Copy exactly the lines of the data below that run from the line holding "9.607405309), (-13.464602415, 9.963281678))" through the line holding "11.844038585), (-11.529939143, 12.150020714))", both ends included.

[Source data]
········
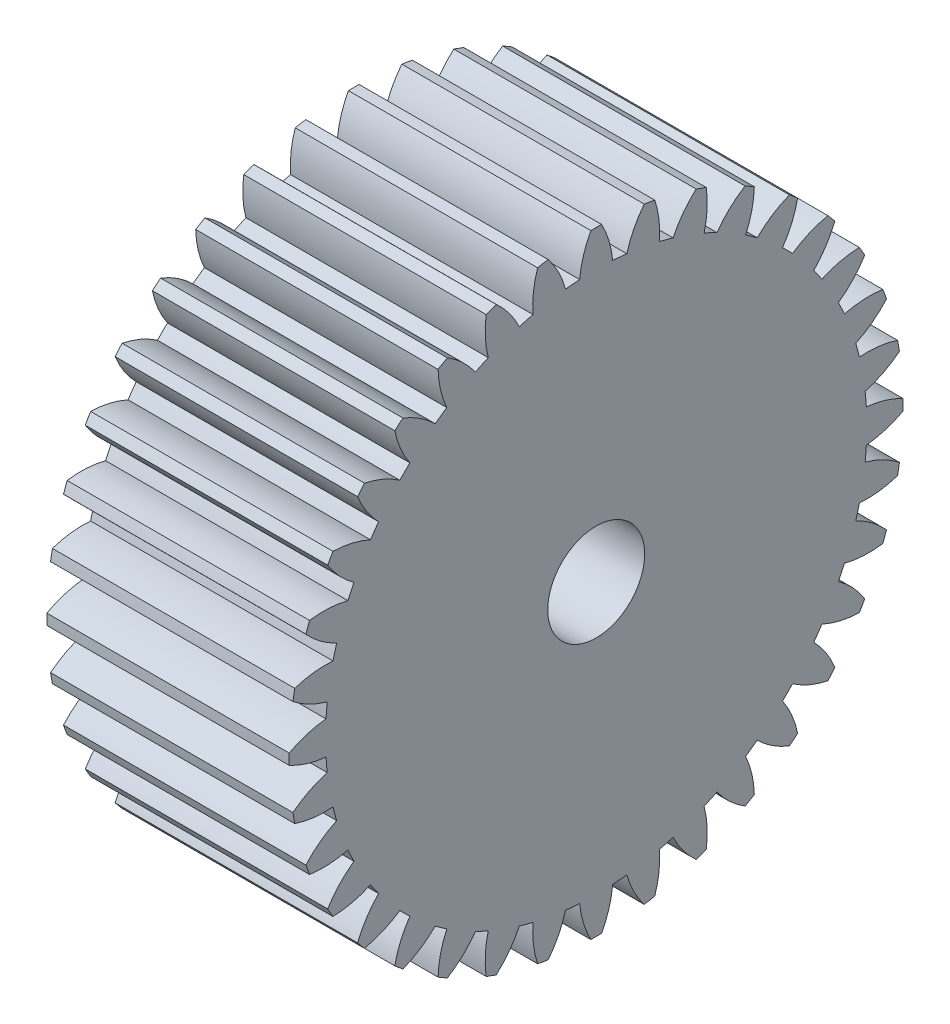
from build123d import *

# Parameters (mm, degrees)
SKETCH1_W           = 15
SKETCH1_H           = 19
CUT_EXTRUDE1_DEPTH  = 16
CUT_EXTRUDE2_DEPTH  = 16
CUT_EXTRUDE3_DEPTH  = 16
CUT_EXTRUDE4_DEPTH  = 16
CUT_EXTRUDE5_DEPTH  = 16
CUT_EXTRUDE6_DEPTH  = 16
CUT_EXTRUDE7_DEPTH  = 16
CUT_EXTRUDE8_DEPTH  = 16
CUT_EXTRUDE9_DEPTH  = 16
CUT_EXTRUDE10_DEPTH = 16
CUT_EXTRUDE11_DEPTH = 16
CUT_EXTRUDE12_DEPTH = 16
CUT_EXTRUDE13_DEPTH = 16
CUT_EXTRUDE14_DEPTH = 16
CUT_EXTRUDE15_DEPTH = 16
CUT_EXTRUDE16_DEPTH = 16
CUT_EXTRUDE17_DEPTH = 16
CUT_EXTRUDE18_DEPTH = 16
CUT_EXTRUDE19_DEPTH = 16
CUT_EXTRUDE20_DEPTH = 16
CUT_EXTRUDE21_DEPTH = 16
CUT_EXTRUDE22_DEPTH = 16
CUT_EXTRUDE23_DEPTH = 16
CUT_EXTRUDE24_DEPTH = 16
CUT_EXTRUDE25_DEPTH = 16
CUT_EXTRUDE26_DEPTH = 16
CUT_EXTRUDE27_DEPTH = 16
CUT_EXTRUDE28_DEPTH = 16
CUT_EXTRUDE29_DEPTH = 16
CUT_EXTRUDE30_DEPTH = 16
CUT_EXTRUDE31_DEPTH = 16
CUT_EXTRUDE32_DEPTH = 16
CUT_EXTRUDE33_DEPTH = 16
CUT_EXTRUDE34_DEPTH = 16
CUT_EXTRUDE35_DEPTH = 16
CUT_EXTRUDE36_DEPTH = 16
SKETCH46_R          = 3
CUT_EXTRUDE37_DEPTH = 16


with BuildPart() as part:
    # Sketch1 → Revolve1 (revolve)
    with BuildSketch(Plane.XY):
        with Locations((-1.5, 9.5)):
            Rectangle(SKETCH1_W, SKETCH1_H)
    revolve(axis=Axis((-9, 0, 0), (1, 0, 0)))

    # Sketch2 → Cut-Extrude1 (cut, through all)
    with BuildSketch(Plane.ZY.offset(9)):
        with BuildLine():
            ThreePointArc((18.766078471, -2.972254836), (18.927699264, -1.655959112), (18.997106208, -0.331595722))
            ThreePointArc((18.997106208, -0.331595722), (17.89254839, -0.79122096), (16.718757874, -1.022563037))
            ThreePointArc((16.718757874, -1.022563037), (16.686261193, -1.459858691), (16.642328583, -1.896153831))
            ThreePointArc((16.642328583, -1.896153831), (17.758114453, -2.327807886), (18.766078471, -2.972254836))
        make_face()
    extrude(amount=-CUT_EXTRUDE1_DEPTH, mode=Mode.SUBTRACT)

    # Sketch3 → Cut-Extrude2 (cut, through all)
    with BuildSketch(Plane.ZY.offset(9)):
        with BuildLine():
            ThreePointArc((17.964852936, -6.185794935), (18.352590699, -4.917561857), (18.650916486, -3.625370912))
            ThreePointArc((18.650916486, -3.625370912), (17.483326298, -3.886208957), (16.287196167, -3.910209845))
            ThreePointArc((16.287196167, -3.910209845), (16.17925759, -4.335219005), (16.060230559, -4.757257024))
            ThreePointArc((16.060230559, -4.757257024), (17.084109195, -5.376107468), (17.964852936, -6.185794935))
        make_face()
    extrude(amount=-CUT_EXTRUDE2_DEPTH, mode=Mode.SUBTRACT)

    # Sketch4 → Cut-Extrude3 (cut, through all)
    with BuildSketch(Plane.ZY.offset(9)):
        with BuildLine():
            ThreePointArc((16.617774436, -9.211382785), (17.219847954, -8.029746973), (17.738028103, -6.808991041))
            ThreePointArc((17.738028103, -6.808991041), (16.542882183, -6.863116462), (15.360756246, -6.679046904))
            ThreePointArc((15.360756246, -6.679046904), (15.180655433, -7.078855884), (14.990150557, -7.47381337))
            ThreePointArc((14.990150557, -7.47381337), (15.891011924, -8.261056744), (16.617774436, -9.211382785))
        make_face()
    extrude(amount=-CUT_EXTRUDE3_DEPTH, mode=Mode.SUBTRACT)

    # Sketch5 → Cut-Extrude4 (cut, through all)
    with BuildSketch(Plane.ZY.offset(9)):
        with BuildLine():
            ThreePointArc((14.765773268, -11.95708743), (15.563888841, -10.897952291), (16.286178713, -9.785723423))
            ThreePointArc((16.286178713, -9.785723423), (15.099790964, -9.631491646), (13.96758752, -9.244944504))
            ThreePointArc((13.96758752, -9.244944504), (13.720796742, -9.607405309), (13.464602415, -9.963281678))
            ThreePointArc((13.464602415, -9.963281678), (14.215074297, -10.894997991), (14.765773268, -11.95708743))
        make_face()
    extrude(amount=-CUT_EXTRUDE4_DEPTH, mode=Mode.SUBTRACT)

    # Sketch6 → Cut-Extrude5 (cut, through all)
    with BuildSketch(Plane.ZY.offset(9)):
        with BuildLine():
            ThreePointArc((12.465121551, -14.339482024), (13.435028843, -13.435028843), (14.339482024, -12.465121551))
            ThreePointArc((14.339482024, -12.465121551), (13.197900238, -12.10721883), (12.150020714, -11.529939143))
            ThreePointArc((12.150020714, -11.529939143), (11.844038585, -11.844038585), (11.529939143, -12.150020714))
            ThreePointArc((11.529939143, -12.150020714), (12.10721883, -13.197900238), (12.465121551, -14.339482024))
        make_face()
    extrude(amount=-CUT_EXTRUDE5_DEPTH, mode=Mode.SUBTRACT)

    # Sketch7 → Cut-Extrude6 (cut, through all)
    with BuildSketch(Plane.ZY.offset(9)):
        with BuildLine():
            ThreePointArc((9.785723423, -16.286178713), (10.897952291, -15.563888841), (11.95708743, -14.765773268))
            ThreePointArc((11.95708743, -14.765773268), (10.894997991, -14.215074297), (9.963281678, -13.464602415))
            ThreePointArc((9.963281678, -13.464602415), (9.607405309, -13.720796742), (9.244944504, -13.96758752))
            ThreePointArc((9.244944504, -13.96758752), (9.631491646, -15.099790964), (9.785723423, -16.286178713))
        make_face()
    extrude(amount=-CUT_EXTRUDE6_DEPTH, mode=Mode.SUBTRACT)

    # Sketch8 → Cut-Extrude7 (cut, through all)
    with BuildSketch(Plane.ZY.offset(9)):
        with BuildLine():
            ThreePointArc((6.808991041, -17.738028103), (8.029746973, -17.219847954), (9.211382785, -16.617774436))
            ThreePointArc((9.211382785, -16.617774436), (8.261056744, -15.891011924), (7.47381337, -14.990150557))
            ThreePointArc((7.47381337, -14.990150557), (7.078855884, -15.180655433), (6.679046904, -15.360756246))
            ThreePointArc((6.679046904, -15.360756246), (6.863116462, -16.542882183), (6.808991041, -17.738028103))
        make_face()
    extrude(amount=-CUT_EXTRUDE7_DEPTH, mode=Mode.SUBTRACT)

    # Sketch9 → Cut-Extrude8 (cut, through all)
    with BuildSketch(Plane.ZY.offset(9)):
        with BuildLine():
            ThreePointArc((3.625370912, -18.650916486), (4.917561857, -18.352590699), (6.185794935, -17.964852936))
            ThreePointArc((6.185794935, -17.964852936), (5.376107468, -17.084109195), (4.757257024, -16.060230559))
            ThreePointArc((4.757257024, -16.060230559), (4.335219005, -16.17925759), (3.910209845, -16.287196167))
            ThreePointArc((3.910209845, -16.287196167), (3.886208957, -17.483326298), (3.625370912, -18.650916486))
        make_face()
    extrude(amount=-CUT_EXTRUDE8_DEPTH, mode=Mode.SUBTRACT)

    # Sketch10 → Cut-Extrude9 (cut, through all)
    with BuildSketch(Plane.ZY.offset(9)):
        with BuildLine():
            ThreePointArc((0.331595722, -18.997106208), (1.655959112, -18.927699264), (2.972254836, -18.766078471))
            ThreePointArc((2.972254836, -18.766078471), (2.327807886, -17.758114453), (1.896153831, -16.642328583))
            ThreePointArc((1.896153831, -16.642328583), (1.459858691, -16.686261193), (1.022563037, -16.718757874))
            ThreePointArc((1.022563037, -16.718757874), (0.79122096, -17.89254839), (0.331595722, -18.997106208))
        make_face()
    extrude(amount=-CUT_EXTRUDE9_DEPTH, mode=Mode.SUBTRACT)

    # Sketch11 → Cut-Extrude10 (cut, through all)
    with BuildSketch(Plane.ZY.offset(9)):
        with BuildLine():
            ThreePointArc((-2.972254836, -18.766078471), (-1.655959112, -18.927699264), (-0.331595722, -18.997106208))
            ThreePointArc((-0.331595722, -18.997106208), (-0.79122096, -17.89254839), (-1.022563037, -16.718757874))
            ThreePointArc((-1.022563037, -16.718757874), (-1.459858691, -16.686261193), (-1.896153831, -16.642328583))
            ThreePointArc((-1.896153831, -16.642328583), (-2.327807886, -17.758114453), (-2.972254836, -18.766078471))
        make_face()
    extrude(amount=-CUT_EXTRUDE10_DEPTH, mode=Mode.SUBTRACT)

    # Sketch12 → Cut-Extrude11 (cut, through all)
    with BuildSketch(Plane.ZY.offset(9)):
        with BuildLine():
            ThreePointArc((-6.185794935, -17.964852936), (-4.917561857, -18.352590699), (-3.625370912, -18.650916486))
            ThreePointArc((-3.625370912, -18.650916486), (-3.886208957, -17.483326298), (-3.910209845, -16.287196167))
            ThreePointArc((-3.910209845, -16.287196167), (-4.335219005, -16.17925759), (-4.757257024, -16.060230559))
            ThreePointArc((-4.757257024, -16.060230559), (-5.376107468, -17.084109195), (-6.185794935, -17.964852936))
        make_face()
    extrude(amount=-CUT_EXTRUDE11_DEPTH, mode=Mode.SUBTRACT)

    # Sketch13 → Cut-Extrude12 (cut, through all)
    with BuildSketch(Plane.ZY.offset(9)):
        with BuildLine():
            ThreePointArc((-9.211382785, -16.617774436), (-8.029746973, -17.219847954), (-6.808991041, -17.738028103))
            ThreePointArc((-6.808991041, -17.738028103), (-6.863116462, -16.542882183), (-6.679046904, -15.360756246))
            ThreePointArc((-6.679046904, -15.360756246), (-7.078855884, -15.180655433), (-7.47381337, -14.990150557))
            ThreePointArc((-7.47381337, -14.990150557), (-8.261056744, -15.891011924), (-9.211382785, -16.617774436))
        make_face()
    extrude(amount=-CUT_EXTRUDE12_DEPTH, mode=Mode.SUBTRACT)

    # Sketch14 → Cut-Extrude13 (cut, through all)
    with BuildSketch(Plane.ZY.offset(9)):
        with BuildLine():
            ThreePointArc((-11.95708743, -14.765773268), (-10.897952291, -15.563888841), (-9.785723423, -16.286178713))
            ThreePointArc((-9.785723423, -16.286178713), (-9.631491646, -15.099790964), (-9.244944504, -13.96758752))
            ThreePointArc((-9.244944504, -13.96758752), (-9.607405309, -13.720796742), (-9.963281678, -13.464602415))
            ThreePointArc((-9.963281678, -13.464602415), (-10.894997991, -14.215074297), (-11.95708743, -14.765773268))
        make_face()
    extrude(amount=-CUT_EXTRUDE13_DEPTH, mode=Mode.SUBTRACT)

    # Sketch15 → Cut-Extrude14 (cut, through all)
    with BuildSketch(Plane.ZY.offset(9)):
        with BuildLine():
            ThreePointArc((-14.339482024, -12.465121551), (-13.435028843, -13.435028843), (-12.465121551, -14.339482024))
            ThreePointArc((-12.465121551, -14.339482024), (-12.10721883, -13.197900238), (-11.529939143, -12.150020714))
            ThreePointArc((-11.529939143, -12.150020714), (-11.844038585, -11.844038585), (-12.150020714, -11.529939143))
            ThreePointArc((-12.150020714, -11.529939143), (-13.197900238, -12.10721883), (-14.339482024, -12.465121551))
        make_face()
    extrude(amount=-CUT_EXTRUDE14_DEPTH, mode=Mode.SUBTRACT)

    # Sketch16 → Cut-Extrude15 (cut, through all)
    with BuildSketch(Plane.ZY.offset(9)):
        with BuildLine():
            ThreePointArc((-16.286178713, -9.785723423), (-15.563888841, -10.897952291), (-14.765773268, -11.95708743))
            ThreePointArc((-14.765773268, -11.95708743), (-14.215074297, -10.894997991), (-13.464602415, -9.963281678))
            ThreePointArc((-13.464602415, -9.963281678), (-13.720796742, -9.607405309), (-13.96758752, -9.244944504))
            ThreePointArc((-13.96758752, -9.244944504), (-15.099790964, -9.631491646), (-16.286178713, -9.785723423))
        make_face()
    extrude(amount=-CUT_EXTRUDE15_DEPTH, mode=Mode.SUBTRACT)

    # Sketch17 → Cut-Extrude16 (cut, through all)
    with BuildSketch(Plane.ZY.offset(9)):
        with BuildLine():
            ThreePointArc((-17.738028103, -6.808991041), (-17.219847954, -8.029746973), (-16.617774436, -9.211382785))
            ThreePointArc((-16.617774436, -9.211382785), (-15.891011924, -8.261056744), (-14.990150557, -7.47381337))
            ThreePointArc((-14.990150557, -7.47381337), (-15.180655433, -7.078855884), (-15.360756246, -6.679046904))
            ThreePointArc((-15.360756246, -6.679046904), (-16.542882183, -6.863116462), (-17.738028103, -6.808991041))
        make_face()
    extrude(amount=-CUT_EXTRUDE16_DEPTH, mode=Mode.SUBTRACT)

    # Sketch18 → Cut-Extrude17 (cut, through all)
    with BuildSketch(Plane.ZY.offset(9)):
        with BuildLine():
            ThreePointArc((-18.650916486, -3.625370912), (-18.352590699, -4.917561857), (-17.964852936, -6.185794935))
            ThreePointArc((-17.964852936, -6.185794935), (-17.084109195, -5.376107468), (-16.060230559, -4.757257024))
            ThreePointArc((-16.060230559, -4.757257024), (-16.17925759, -4.335219005), (-16.287196167, -3.910209845))
            ThreePointArc((-16.287196167, -3.910209845), (-17.483326298, -3.886208957), (-18.650916486, -3.625370912))
        make_face()
    extrude(amount=-CUT_EXTRUDE17_DEPTH, mode=Mode.SUBTRACT)

    # Sketch19 → Cut-Extrude18 (cut, through all)
    with BuildSketch(Plane.ZY.offset(9)):
        with BuildLine():
            ThreePointArc((-18.997106208, -0.331595722), (-18.927699264, -1.655959112), (-18.766078471, -2.972254836))
            ThreePointArc((-18.766078471, -2.972254836), (-17.758114453, -2.327807886), (-16.642328583, -1.896153831))
            ThreePointArc((-16.642328583, -1.896153831), (-16.686261193, -1.459858691), (-16.718757874, -1.022563037))
            ThreePointArc((-16.718757874, -1.022563037), (-17.89254839, -0.79122096), (-18.997106208, -0.331595722))
        make_face()
    extrude(amount=-CUT_EXTRUDE18_DEPTH, mode=Mode.SUBTRACT)

    # Sketch20 → Cut-Extrude19 (cut, through all)
    with BuildSketch(Plane.ZY.offset(9)):
        with BuildLine():
            ThreePointArc((-18.766078471, 2.972254836), (-18.927699264, 1.655959112), (-18.997106208, 0.331595722))
            ThreePointArc((-18.997106208, 0.331595722), (-17.89254839, 0.79122096), (-16.718757874, 1.022563037))
            ThreePointArc((-16.718757874, 1.022563037), (-16.686261193, 1.459858691), (-16.642328583, 1.896153831))
            ThreePointArc((-16.642328583, 1.896153831), (-17.758114453, 2.327807886), (-18.766078471, 2.972254836))
        make_face()
    extrude(amount=-CUT_EXTRUDE19_DEPTH, mode=Mode.SUBTRACT)

    # Sketch21 → Cut-Extrude20 (cut, through all)
    with BuildSketch(Plane.ZY.offset(9)):
        with BuildLine():
            ThreePointArc((-17.964852936, 6.185794935), (-18.352590699, 4.917561857), (-18.650916486, 3.625370912))
            ThreePointArc((-18.650916486, 3.625370912), (-17.483326298, 3.886208957), (-16.287196167, 3.910209845))
            ThreePointArc((-16.287196167, 3.910209845), (-16.17925759, 4.335219005), (-16.060230559, 4.757257024))
            ThreePointArc((-16.060230559, 4.757257024), (-17.084109195, 5.376107468), (-17.964852936, 6.185794935))
        make_face()
    extrude(amount=-CUT_EXTRUDE20_DEPTH, mode=Mode.SUBTRACT)

    # Sketch22 → Cut-Extrude21 (cut, through all)
    with BuildSketch(Plane.ZY.offset(9)):
        with BuildLine():
            ThreePointArc((-16.617774436, 9.211382785), (-17.219847954, 8.029746973), (-17.738028103, 6.808991041))
            ThreePointArc((-17.738028103, 6.808991041), (-16.542882183, 6.863116462), (-15.360756246, 6.679046904))
            ThreePointArc((-15.360756246, 6.679046904), (-15.180655433, 7.078855884), (-14.990150557, 7.47381337))
            ThreePointArc((-14.990150557, 7.47381337), (-15.891011924, 8.261056744), (-16.617774436, 9.211382785))
        make_face()
    extrude(amount=-CUT_EXTRUDE21_DEPTH, mode=Mode.SUBTRACT)

    # Sketch23 → Cut-Extrude22 (cut, through all)
    with BuildSketch(Plane.ZY.offset(9)):
        with BuildLine():
            ThreePointArc((-14.765773268, 11.95708743), (-15.563888841, 10.897952291), (-16.286178713, 9.785723423))
            ThreePointArc((-16.286178713, 9.785723423), (-15.099790964, 9.631491646), (-13.96758752, 9.244944504))
            ThreePointArc((-13.96758752, 9.244944504), (-13.720796742, 9.607405309), (-13.464602415, 9.963281678))
            ThreePointArc((-13.464602415, 9.963281678), (-14.215074297, 10.894997991), (-14.765773268, 11.95708743))
        make_face()
    extrude(amount=-CUT_EXTRUDE22_DEPTH, mode=Mode.SUBTRACT)

    # Sketch24 → Cut-Extrude23 (cut, through all)
    with BuildSketch(Plane.ZY.offset(9)):
        with BuildLine():
            ThreePointArc((-12.465121551, 14.339482024), (-13.435028843, 13.435028843), (-14.339482024, 12.465121551))
            ThreePointArc((-14.339482024, 12.465121551), (-13.197900238, 12.10721883), (-12.150020714, 11.529939143))
            ThreePointArc((-12.150020714, 11.529939143), (-11.844038585, 11.844038585), (-11.529939143, 12.150020714))
            ThreePointArc((-11.529939143, 12.150020714), (-12.10721883, 13.197900238), (-12.465121551, 14.339482024))
        make_face()
    extrude(amount=-CUT_EXTRUDE23_DEPTH, mode=Mode.SUBTRACT)

    # Sketch25 → Cut-Extrude24 (cut, through all)
    with BuildSketch(Plane.ZY.offset(9)):
        with BuildLine():
            ThreePointArc((-9.785723423, 16.286178713), (-10.897952291, 15.563888841), (-11.95708743, 14.765773268))
            ThreePointArc((-11.95708743, 14.765773268), (-10.894997991, 14.215074297), (-9.963281678, 13.464602415))
            ThreePointArc((-9.963281678, 13.464602415), (-9.607405309, 13.720796742), (-9.244944504, 13.96758752))
            ThreePointArc((-9.244944504, 13.96758752), (-9.631491646, 15.099790964), (-9.785723423, 16.286178713))
        make_face()
    extrude(amount=-CUT_EXTRUDE24_DEPTH, mode=Mode.SUBTRACT)

    # Sketch26 → Cut-Extrude25 (cut, through all)
    with BuildSketch(Plane.ZY.offset(9)):
        with BuildLine():
            ThreePointArc((-6.808991041, 17.738028103), (-8.029746973, 17.219847954), (-9.211382785, 16.617774436))
            ThreePointArc((-9.211382785, 16.617774436), (-8.261056744, 15.891011924), (-7.47381337, 14.990150557))
            ThreePointArc((-7.47381337, 14.990150557), (-7.078855884, 15.180655433), (-6.679046904, 15.360756246))
            ThreePointArc((-6.679046904, 15.360756246), (-6.863116462, 16.542882183), (-6.808991041, 17.738028103))
        make_face()
    extrude(amount=-CUT_EXTRUDE25_DEPTH, mode=Mode.SUBTRACT)

    # Sketch27 → Cut-Extrude26 (cut, through all)
    with BuildSketch(Plane.ZY.offset(9)):
        with BuildLine():
            ThreePointArc((-3.625370912, 18.650916486), (-4.917561857, 18.352590699), (-6.185794935, 17.964852936))
            ThreePointArc((-6.185794935, 17.964852936), (-5.376107468, 17.084109195), (-4.757257024, 16.060230559))
            ThreePointArc((-4.757257024, 16.060230559), (-4.335219005, 16.17925759), (-3.910209845, 16.287196167))
            ThreePointArc((-3.910209845, 16.287196167), (-3.886208957, 17.483326298), (-3.625370912, 18.650916486))
        make_face()
    extrude(amount=-CUT_EXTRUDE26_DEPTH, mode=Mode.SUBTRACT)

    # Sketch28 → Cut-Extrude27 (cut, through all)
    with BuildSketch(Plane.ZY.offset(9)):
        with BuildLine():
            ThreePointArc((-0.331595722, 18.997106208), (-1.655959112, 18.927699264), (-2.972254836, 18.766078471))
            ThreePointArc((-2.972254836, 18.766078471), (-2.327807886, 17.758114453), (-1.896153831, 16.642328583))
            ThreePointArc((-1.896153831, 16.642328583), (-1.459858691, 16.686261193), (-1.022563037, 16.718757874))
            ThreePointArc((-1.022563037, 16.718757874), (-0.79122096, 17.89254839), (-0.331595722, 18.997106208))
        make_face()
    extrude(amount=-CUT_EXTRUDE27_DEPTH, mode=Mode.SUBTRACT)

    # Sketch29 → Cut-Extrude28 (cut, through all)
    with BuildSketch(Plane.ZY.offset(9)):
        with BuildLine():
            ThreePointArc((2.972254836, 18.766078471), (1.655959112, 18.927699264), (0.331595722, 18.997106208))
            ThreePointArc((0.331595722, 18.997106208), (0.79122096, 17.89254839), (1.022563037, 16.718757874))
            ThreePointArc((1.022563037, 16.718757874), (1.459858691, 16.686261193), (1.896153831, 16.642328583))
            ThreePointArc((1.896153831, 16.642328583), (2.327807886, 17.758114453), (2.972254836, 18.766078471))
        make_face()
    extrude(amount=-CUT_EXTRUDE28_DEPTH, mode=Mode.SUBTRACT)

    # Sketch30 → Cut-Extrude29 (cut, through all)
    with BuildSketch(Plane.ZY.offset(9)):
        with BuildLine():
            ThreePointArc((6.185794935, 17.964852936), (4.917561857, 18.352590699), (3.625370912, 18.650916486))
········
Solution to the problem:
            ThreePointArc((-13.96758752, 9.244944504), (-13.720796742, 9.607405309), (-13.464602415, 9.963281678))
            ThreePointArc((-13.464602415, 9.963281678), (-14.215074297, 10.894997991), (-14.765773268, 11.95708743))
        make_face()
    extrude(amount=-CUT_EXTRUDE22_DEPTH, mode=Mode.SUBTRACT)

    # Sketch24 → Cut-Extrude23 (cut, through all)
    with BuildSketch(Plane.ZY.offset(9)):
        with BuildLine():
            ThreePointArc((-12.465121551, 14.339482024), (-13.435028843, 13.435028843), (-14.339482024, 12.465121551))
            ThreePointArc((-14.339482024, 12.465121551), (-13.197900238, 12.10721883), (-12.150020714, 11.529939143))
            ThreePointArc((-12.150020714, 11.529939143), (-11.844038585, 11.844038585), (-11.529939143, 12.150020714))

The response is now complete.